BRIEF => Check each line of the entries below for the word "Bosch", and copy out the ones that have it.

################

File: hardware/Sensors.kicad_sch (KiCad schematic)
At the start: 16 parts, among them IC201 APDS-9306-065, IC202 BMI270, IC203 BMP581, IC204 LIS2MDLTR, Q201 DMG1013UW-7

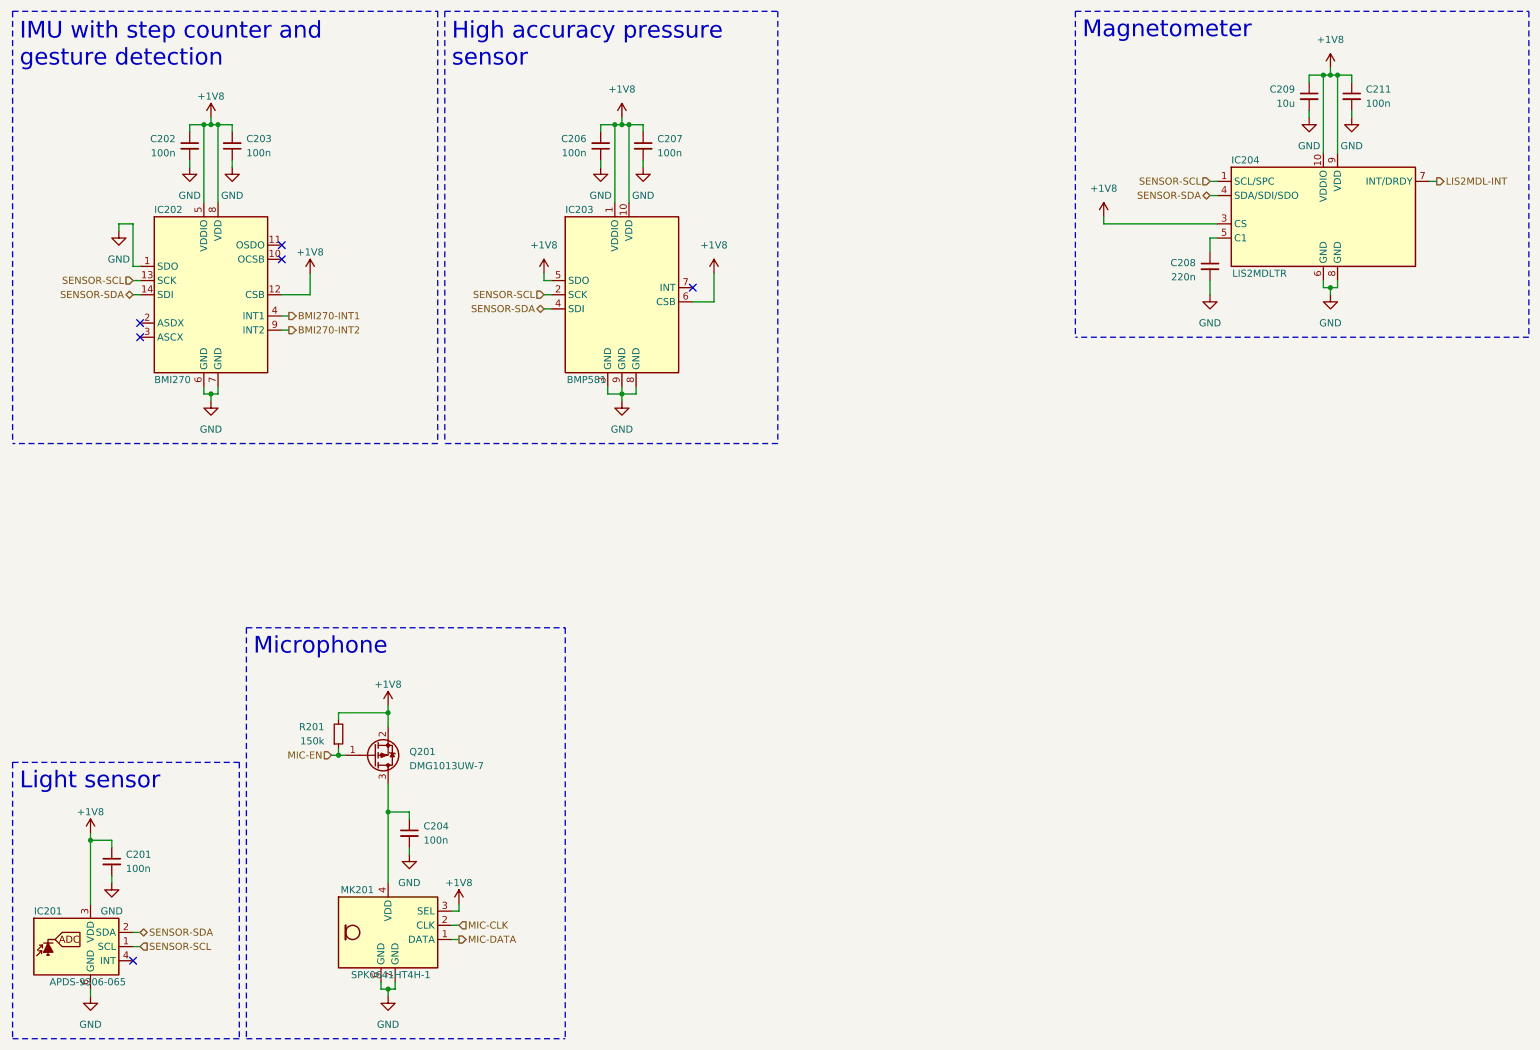
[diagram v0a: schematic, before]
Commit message: KiBot: Enhance KiBot configuration
- Implement #110
- Implement #109
- Add refresh for PCB specifications
- Add refresh for stackup

Signed-off-by: Daniel Kampert <danielkampert@kampis-elektroecke.de>
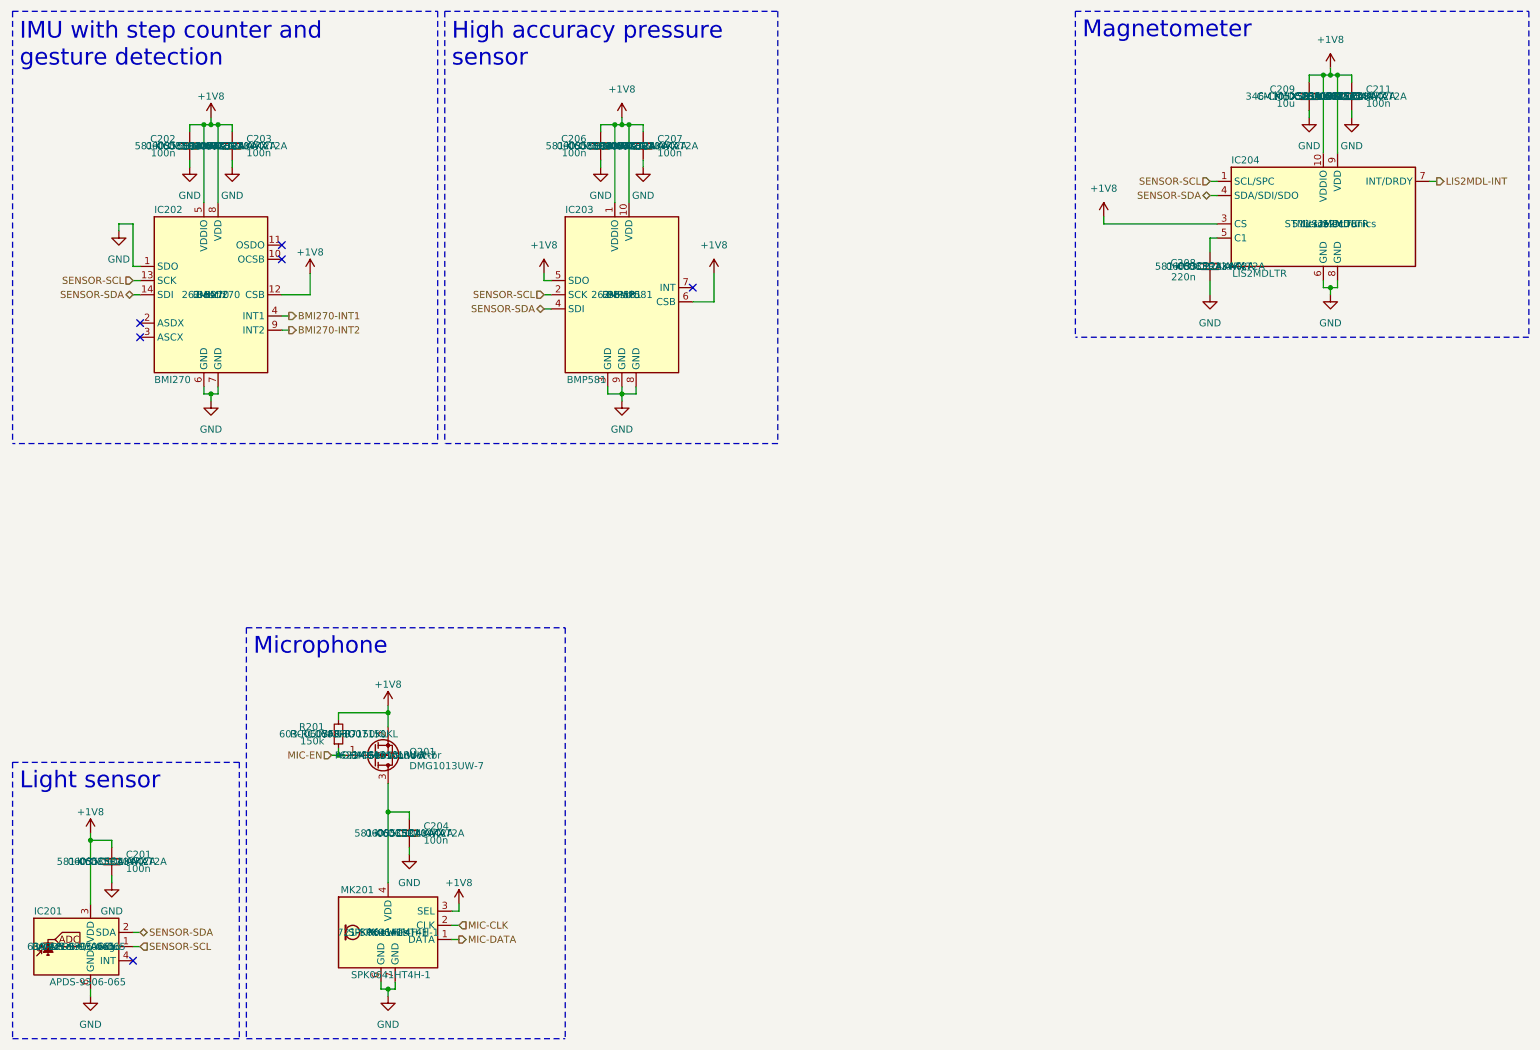
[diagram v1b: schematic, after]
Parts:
- C201, C202, C203, C204, C206, C207, C211: Mfr. KYOCERA AVX -> (none); Mfr. No. 06035C104KAT2A -> (none); Order Number 581-06035C104KAT2A -> (none); manf (none) -> KYOCERA AVX; manf# (none) -> 06035C104KAT2A; mouser# (none) -> 581-06035C104KAT2A
- C208: Mfr. KYOCERA AVX -> (none); Mfr. No. 06033C224KAT2A -> (none); Order Number 581-06033C224KAT2A -> (none); manf (none) -> KYOCERA AVX; manf# (none) -> 06033C224KAT2A; mouser# (none) -> 581-06033C224KAT2A
- C209: Mfr. KYOCERA AVX -> (none); Mfr. No. CM105X5R106M25AT -> (none); Order Number 346-CM105X5R106M25AT -> (none); manf (none) -> KYOCERA AVX; manf# (none) -> CM105X5R106M25AT; mouser# (none) -> 346-CM105X5R106M25AT
- IC201: Mfr. Broadcom / Avago -> (none); Mfr. No. APDS-9306-065 -> (none); Order Number 630-APDS-9306-065 -> (none); manf (none) -> Broadcom / Avago; manf# (none) -> APDS-9306-065; mouser# (none) -> 630-APDS-9306-065
- IC202: Mfr. Bosch -> (none); Mfr. No. BMI270 -> (none); Order Number 262-BMI270 -> (none); manf (none) -> Bosch; manf# (none) -> BMI270; mouser# (none) -> 262-BMI270
- IC203: Mfr. Bosch -> (none); Mfr. No. BMP581 -> (none); Order Number 262-BMP581 -> (none); manf (none) -> Bosch; manf# (none) -> BMP581; mouser# (none) -> 262-BMP581
- IC204: Mfr. STMicroelectronics -> (none); Mfr. No. LIS2MDLTR -> (none); Order Number 511-LIS2MDLTR -> (none); manf (none) -> STMicroelectronics; manf# (none) -> LIS2MDLTR; mouser# (none) -> 511-LIS2MDLTR
- MK201: Mfr. Knowles -> (none); Mfr. No. SPK0641HT4H-1 -> (none); Order Number 721-SPK0641HT4H-1 -> (none); manf (none) -> Knowles; manf# (none) -> SPK0641HT4H-1; mouser# (none) -> 721-SPK0641HT4H-1
- Q201: Mfr. ROHM Semiconductor -> (none); Mfr. No. DMG1013UW-7 -> (none); Order Number 621-DMG1013UW-7 -> (none); manf (none) -> ROHM Semiconductor; manf# (none) -> DMG1013UW-7; mouser# (none) -> 621-DMG1013UW-7
- R201: Mfr. YAGEO -> (none); Mfr. No. RC0603FR-07150KL -> (none); Order Number 603-RC0603FR-07150KL -> (none); manf (none) -> YAGEO; manf# (none) -> RC0603FR-07150KL; mouser# (none) -> 603-RC0603FR-07150KL

################

WRITTEN ANSWER =>
- IC202: Mfr. Bosch -> (none); Mfr. No. BMI270 -> (none); Order Number 262-BMI270 -> (none); manf (none) -> Bosch; manf# (none) -> BMI270; mouser# (none) -> 262-BMI270
- IC203: Mfr. Bosch -> (none); Mfr. No. BMP581 -> (none); Order Number 262-BMP581 -> (none); manf (none) -> Bosch; manf# (none) -> BMP581; mouser# (none) -> 262-BMP581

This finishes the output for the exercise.